═════ Source data

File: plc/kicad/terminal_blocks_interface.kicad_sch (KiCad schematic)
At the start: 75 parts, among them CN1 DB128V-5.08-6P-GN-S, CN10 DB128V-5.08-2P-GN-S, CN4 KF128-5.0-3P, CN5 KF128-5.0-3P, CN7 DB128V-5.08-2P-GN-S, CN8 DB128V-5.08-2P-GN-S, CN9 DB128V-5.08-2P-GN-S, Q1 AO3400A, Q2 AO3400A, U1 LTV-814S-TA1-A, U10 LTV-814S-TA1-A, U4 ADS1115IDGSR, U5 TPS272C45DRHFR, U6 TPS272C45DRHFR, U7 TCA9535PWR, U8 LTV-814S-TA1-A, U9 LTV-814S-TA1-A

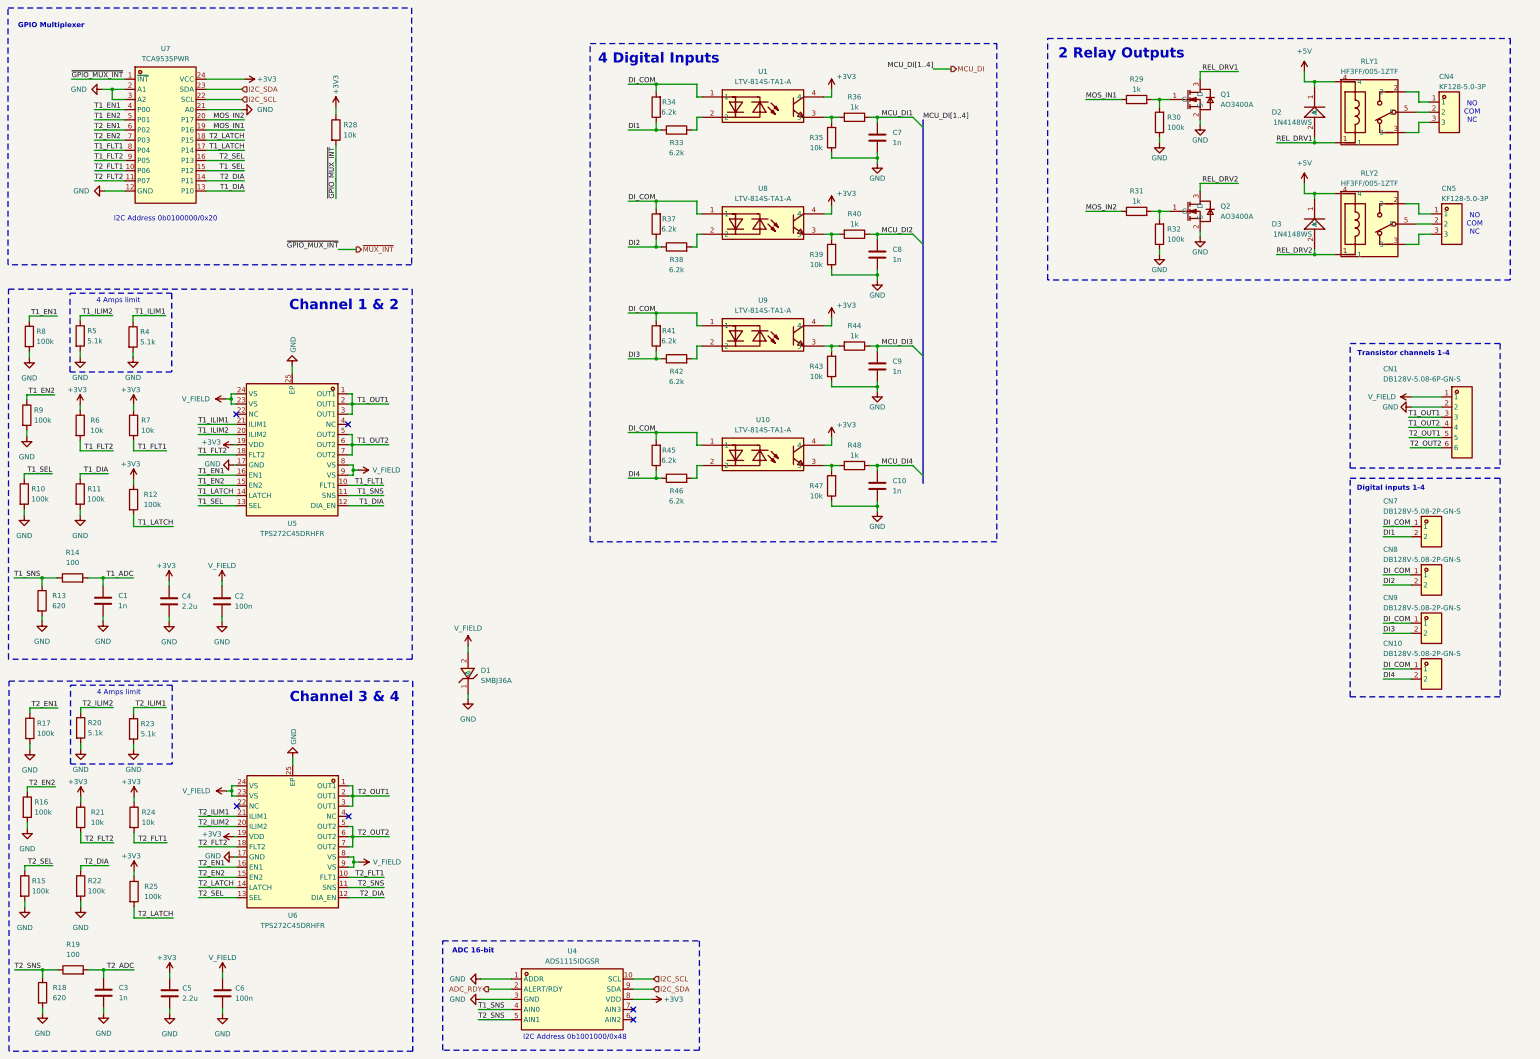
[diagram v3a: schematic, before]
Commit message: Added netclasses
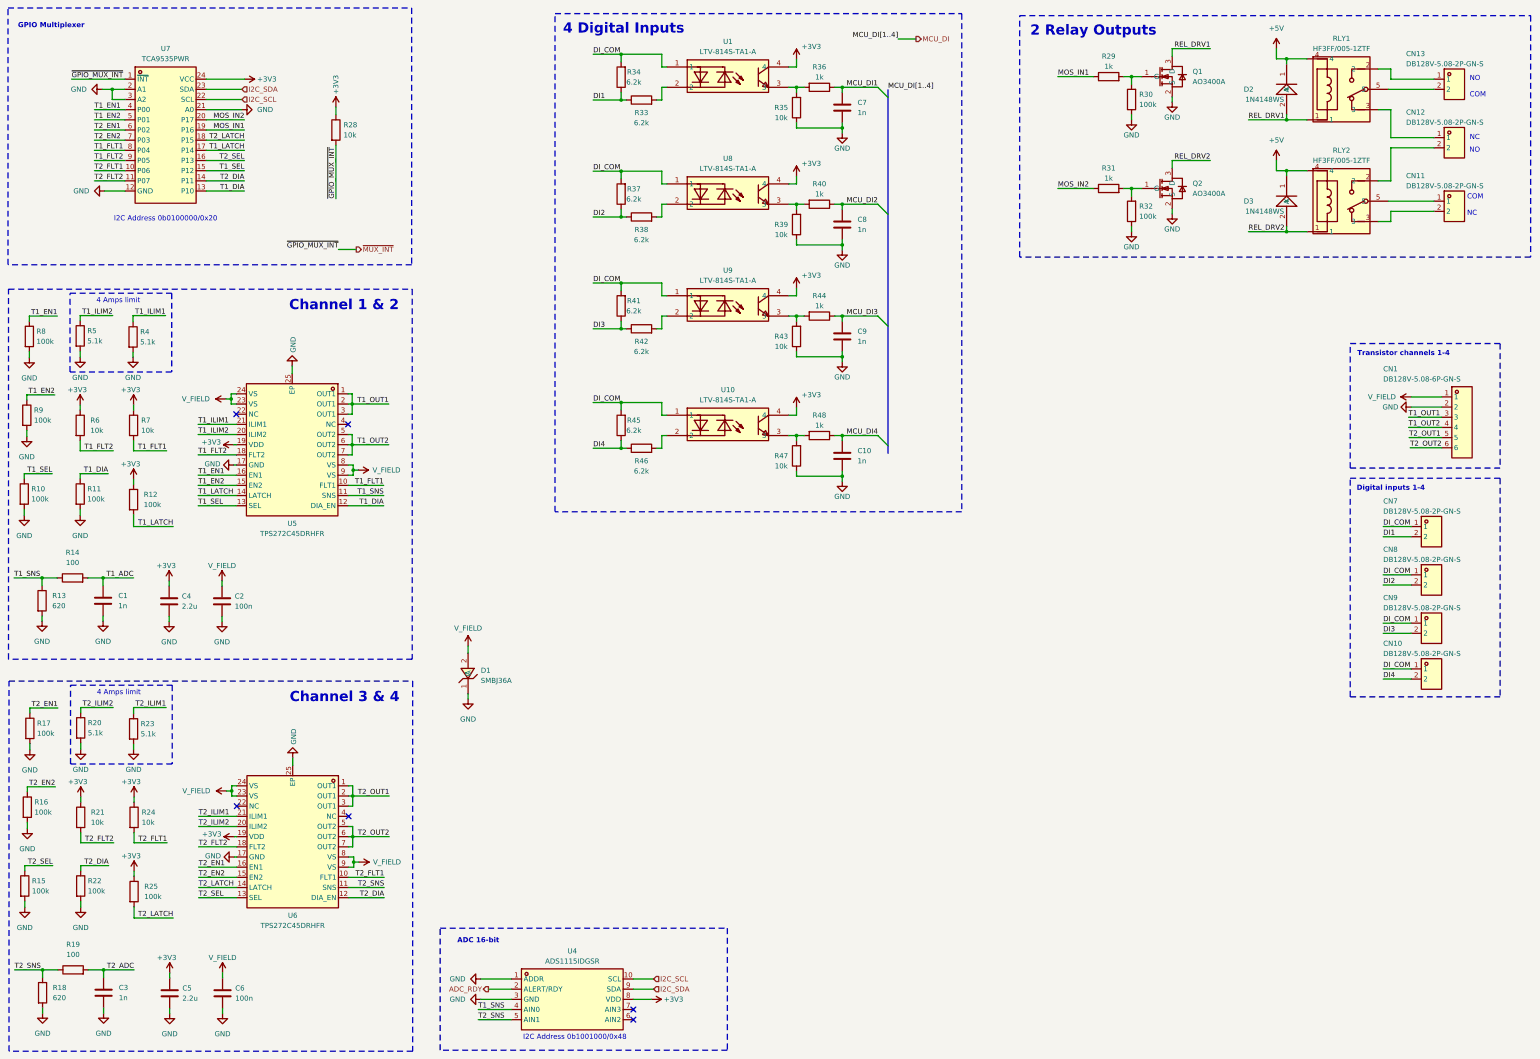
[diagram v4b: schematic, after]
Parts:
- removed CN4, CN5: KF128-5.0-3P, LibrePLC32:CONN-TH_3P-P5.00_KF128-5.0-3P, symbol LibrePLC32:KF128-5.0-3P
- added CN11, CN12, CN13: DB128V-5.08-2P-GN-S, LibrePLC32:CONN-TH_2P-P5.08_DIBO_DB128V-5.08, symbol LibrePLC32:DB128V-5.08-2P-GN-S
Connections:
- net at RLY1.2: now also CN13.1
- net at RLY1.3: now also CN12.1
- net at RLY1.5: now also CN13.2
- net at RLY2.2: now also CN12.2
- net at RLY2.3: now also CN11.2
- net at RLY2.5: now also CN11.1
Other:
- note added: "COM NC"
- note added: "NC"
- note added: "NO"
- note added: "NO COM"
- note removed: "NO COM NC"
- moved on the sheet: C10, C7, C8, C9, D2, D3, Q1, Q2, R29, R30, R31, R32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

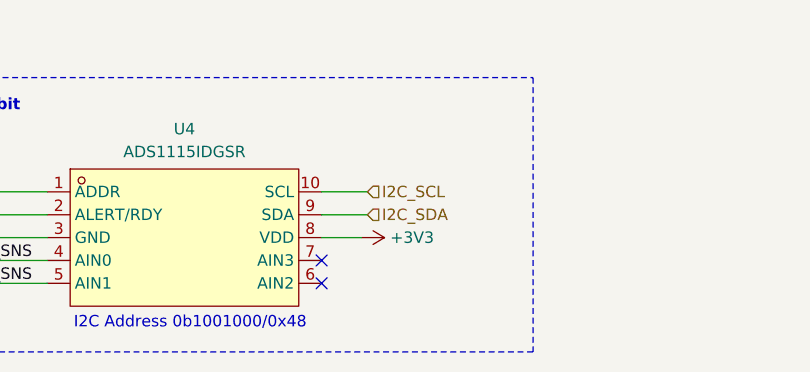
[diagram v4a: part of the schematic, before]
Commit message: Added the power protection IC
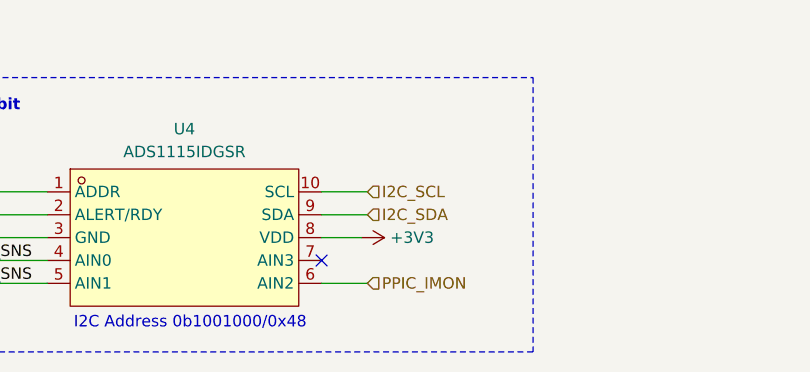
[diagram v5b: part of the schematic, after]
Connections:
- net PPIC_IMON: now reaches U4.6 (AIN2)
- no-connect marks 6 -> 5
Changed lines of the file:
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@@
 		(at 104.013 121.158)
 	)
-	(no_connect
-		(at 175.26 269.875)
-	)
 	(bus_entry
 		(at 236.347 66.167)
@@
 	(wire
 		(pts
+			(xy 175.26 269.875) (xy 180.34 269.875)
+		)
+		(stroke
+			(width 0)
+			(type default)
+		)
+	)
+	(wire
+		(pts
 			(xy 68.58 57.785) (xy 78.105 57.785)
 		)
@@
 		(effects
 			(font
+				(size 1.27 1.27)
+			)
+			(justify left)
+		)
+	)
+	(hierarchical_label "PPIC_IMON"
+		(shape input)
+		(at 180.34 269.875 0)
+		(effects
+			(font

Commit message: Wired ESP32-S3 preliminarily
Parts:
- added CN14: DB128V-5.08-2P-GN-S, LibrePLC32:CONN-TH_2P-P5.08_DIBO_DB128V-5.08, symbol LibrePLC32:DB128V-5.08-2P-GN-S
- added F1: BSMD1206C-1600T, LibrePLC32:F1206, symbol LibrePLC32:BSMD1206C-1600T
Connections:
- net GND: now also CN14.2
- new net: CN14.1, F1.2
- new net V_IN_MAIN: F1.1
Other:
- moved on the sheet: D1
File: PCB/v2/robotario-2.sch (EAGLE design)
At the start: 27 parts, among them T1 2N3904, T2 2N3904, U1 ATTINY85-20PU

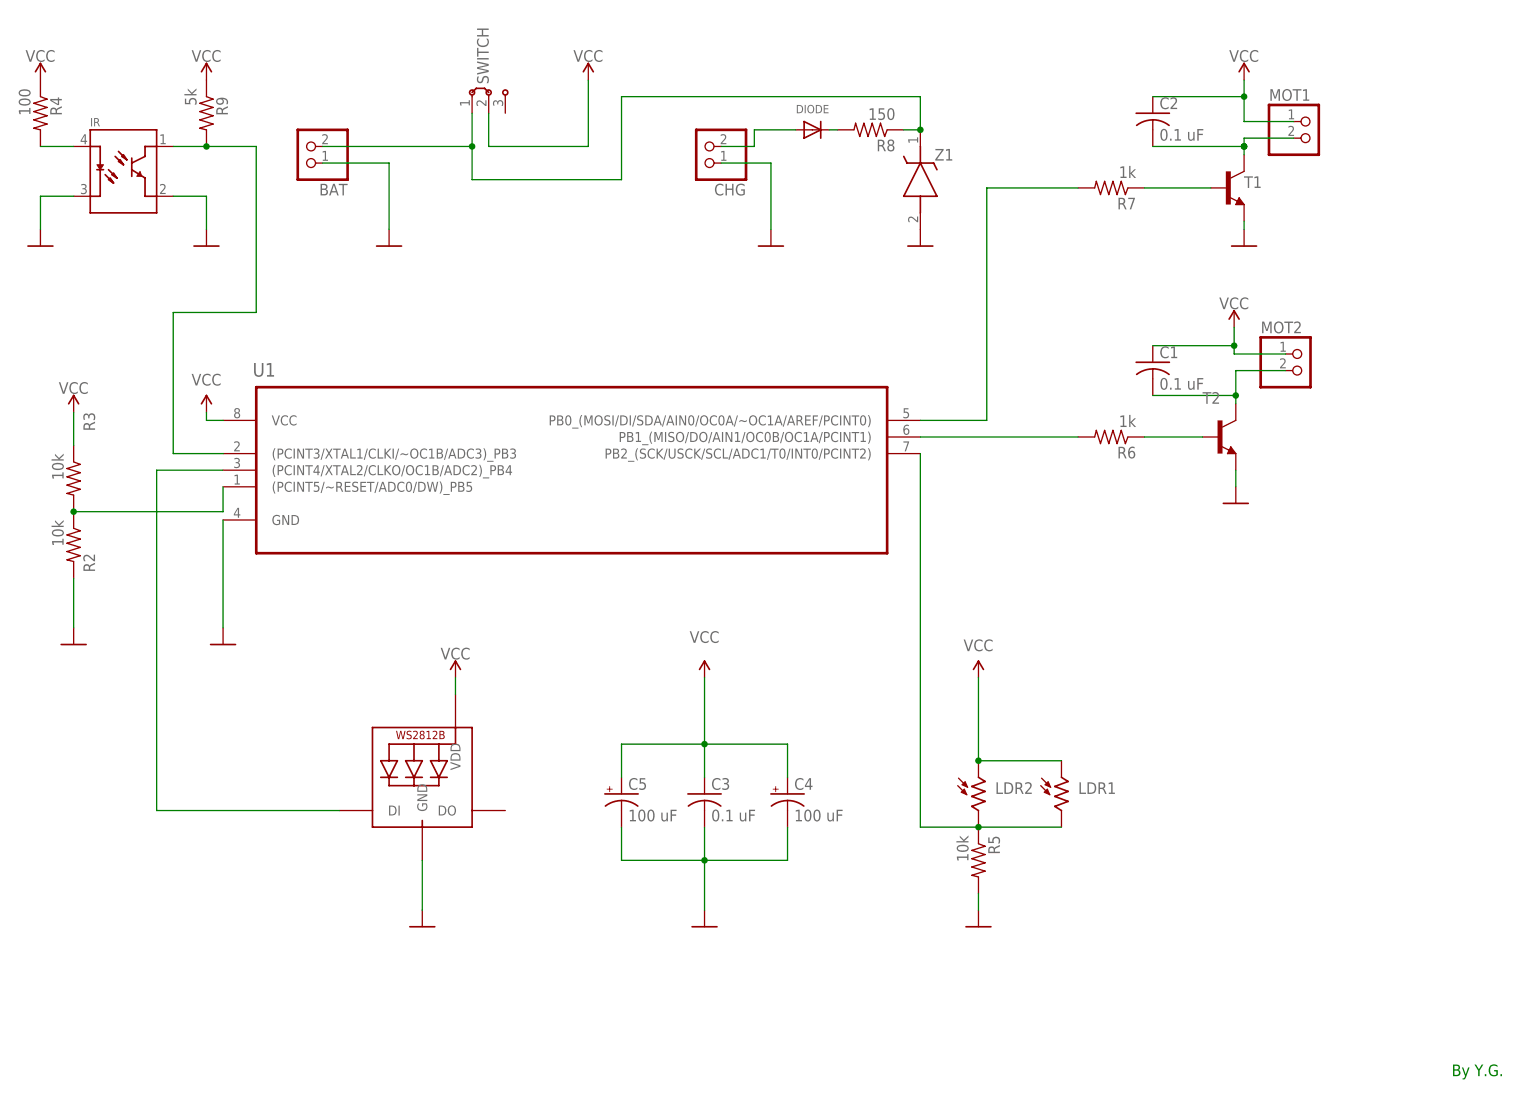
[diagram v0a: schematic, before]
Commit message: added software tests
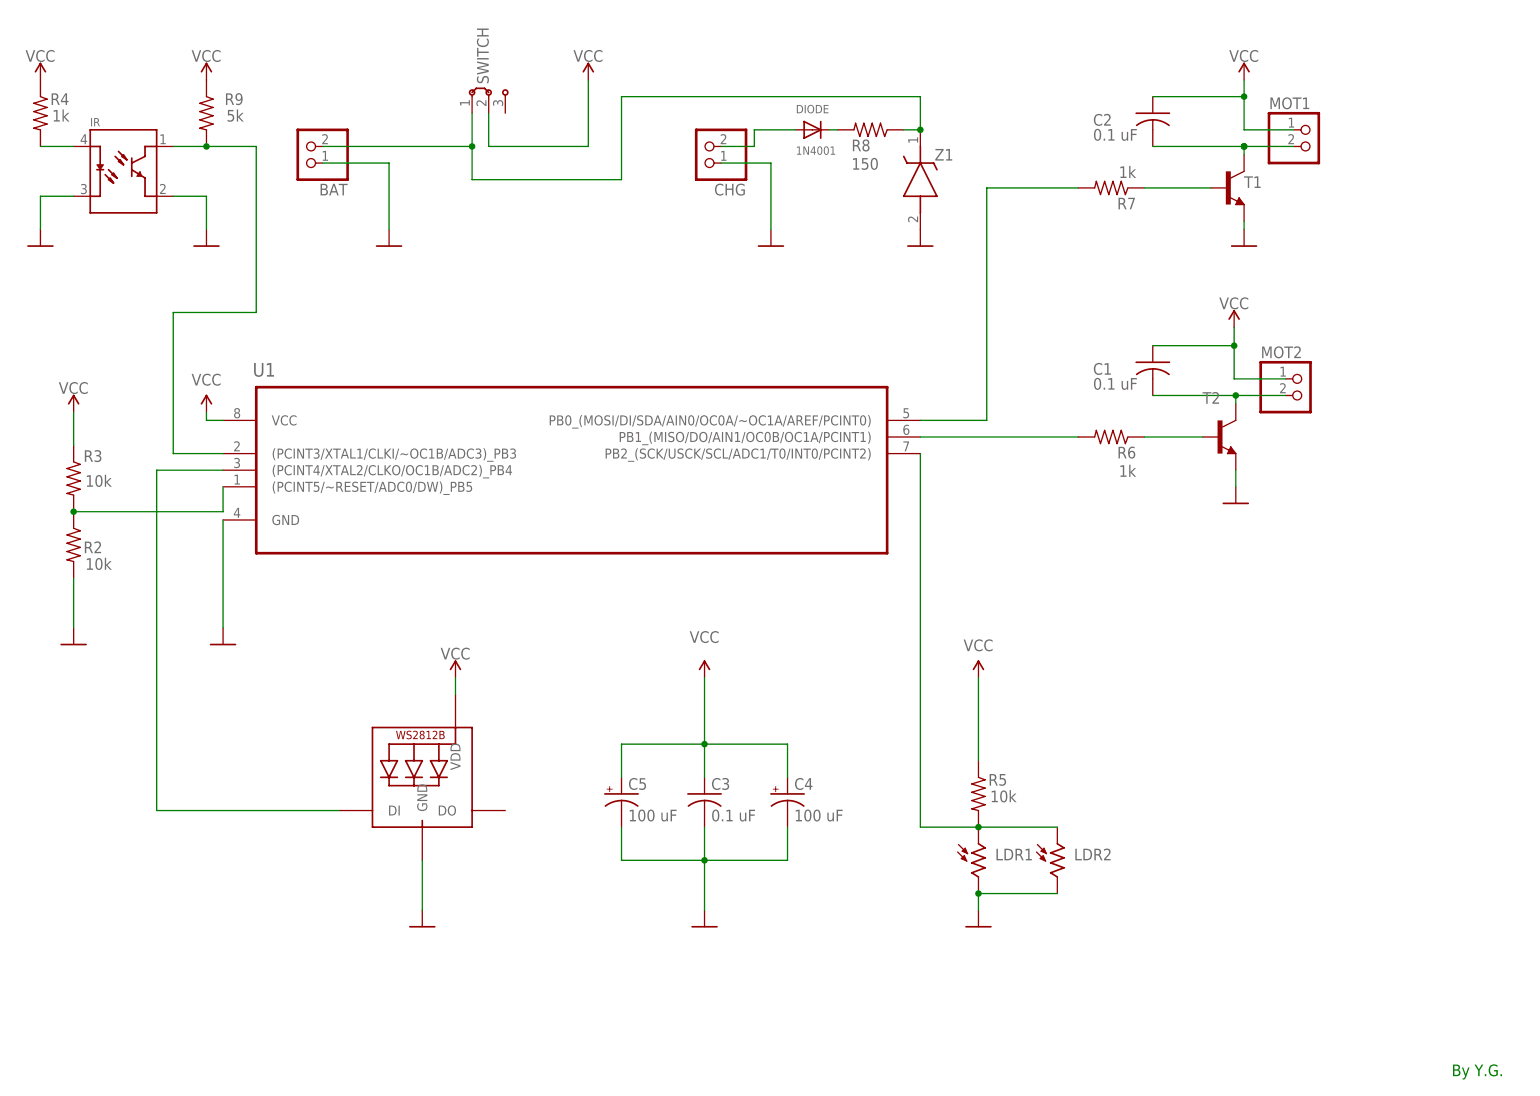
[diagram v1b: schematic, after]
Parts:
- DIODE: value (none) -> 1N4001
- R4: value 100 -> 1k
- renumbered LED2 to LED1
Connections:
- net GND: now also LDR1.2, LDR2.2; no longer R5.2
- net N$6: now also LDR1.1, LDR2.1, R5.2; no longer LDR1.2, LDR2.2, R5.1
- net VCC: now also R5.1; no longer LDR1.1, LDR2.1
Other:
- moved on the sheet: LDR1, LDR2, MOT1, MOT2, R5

══════════

I'd like the data above duplicated exactly, with no pictures included.

File: plc/kicad/terminal_blocks_interface.kicad_sch (KiCad schematic)
At the start: 75 parts, among them CN1 DB128V-5.08-6P-GN-S, CN10 DB128V-5.08-2P-GN-S, CN4 KF128-5.0-3P, CN5 KF128-5.0-3P, CN7 DB128V-5.08-2P-GN-S, CN8 DB128V-5.08-2P-GN-S, CN9 DB128V-5.08-2P-GN-S, Q1 AO3400A, Q2 AO3400A, U1 LTV-814S-TA1-A, U10 LTV-814S-TA1-A, U4 ADS1115IDGSR, U5 TPS272C45DRHFR, U6 TPS272C45DRHFR, U7 TCA9535PWR, U8 LTV-814S-TA1-A, U9 LTV-814S-TA1-A

[diagram v3a: schematic, before]
Commit message: Added netclasses
[diagram v4b: schematic, after]
Parts:
- removed CN4, CN5: KF128-5.0-3P, LibrePLC32:CONN-TH_3P-P5.00_KF128-5.0-3P, symbol LibrePLC32:KF128-5.0-3P
- added CN11, CN12, CN13: DB128V-5.08-2P-GN-S, LibrePLC32:CONN-TH_2P-P5.08_DIBO_DB128V-5.08, symbol LibrePLC32:DB128V-5.08-2P-GN-S
Connections:
- net at RLY1.2: now also CN13.1
- net at RLY1.3: now also CN12.1
- net at RLY1.5: now also CN13.2
- net at RLY2.2: now also CN12.2
- net at RLY2.3: now also CN11.2
- net at RLY2.5: now also CN11.1
Other:
- note added: "COM NC"
- note added: "NC"
- note added: "NO"
- note added: "NO COM"
- note removed: "NO COM NC"
- moved on the sheet: C10, C7, C8, C9, D2, D3, Q1, Q2, R29, R30, R31, R32

[diagram v4a: part of the schematic, before]
Commit message: Added the power protection IC
[diagram v5b: part of the schematic, after]
Connections:
- net PPIC_IMON: now reaches U4.6 (AIN2)
- no-connect marks 6 -> 5
Changed lines of the file:
@@
 		(at 104.013 121.158)
 	)
-	(no_connect
-		(at 175.26 269.875)
-	)
 	(bus_entry
 		(at 236.347 66.167)
@@
 	(wire
 		(pts
+			(xy 175.26 269.875) (xy 180.34 269.875)
+		)
+		(stroke
+			(width 0)
+			(type default)
+		)
+	)
+	(wire
+		(pts
 			(xy 68.58 57.785) (xy 78.105 57.785)
 		)
@@
 		(effects
 			(font
+				(size 1.27 1.27)
+			)
+			(justify left)
+		)
+	)
+	(hierarchical_label "PPIC_IMON"
+		(shape input)
+		(at 180.34 269.875 0)
+		(effects
+			(font

Commit message: Wired ESP32-S3 preliminarily
Parts:
- added CN14: DB128V-5.08-2P-GN-S, LibrePLC32:CONN-TH_2P-P5.08_DIBO_DB128V-5.08, symbol LibrePLC32:DB128V-5.08-2P-GN-S
- added F1: BSMD1206C-1600T, LibrePLC32:F1206, symbol LibrePLC32:BSMD1206C-1600T
Connections:
- net GND: now also CN14.2
- new net: CN14.1, F1.2
- new net V_IN_MAIN: F1.1
Other:
- moved on the sheet: D1
File: PCB/v2/robotario-2.sch (EAGLE design)
At the start: 27 parts, among them T1 2N3904, T2 2N3904, U1 ATTINY85-20PU

[diagram v0a: schematic, before]
Commit message: added software tests
[diagram v1b: schematic, after]
Parts:
- DIODE: value (none) -> 1N4001
- R4: value 100 -> 1k
- renumbered LED2 to LED1
Connections:
- net GND: now also LDR1.2, LDR2.2; no longer R5.2
- net N$6: now also LDR1.1, LDR2.1, R5.2; no longer LDR1.2, LDR2.2, R5.1
- net VCC: now also R5.1; no longer LDR1.1, LDR2.1
Other:
- moved on the sheet: LDR1, LDR2, MOT1, MOT2, R5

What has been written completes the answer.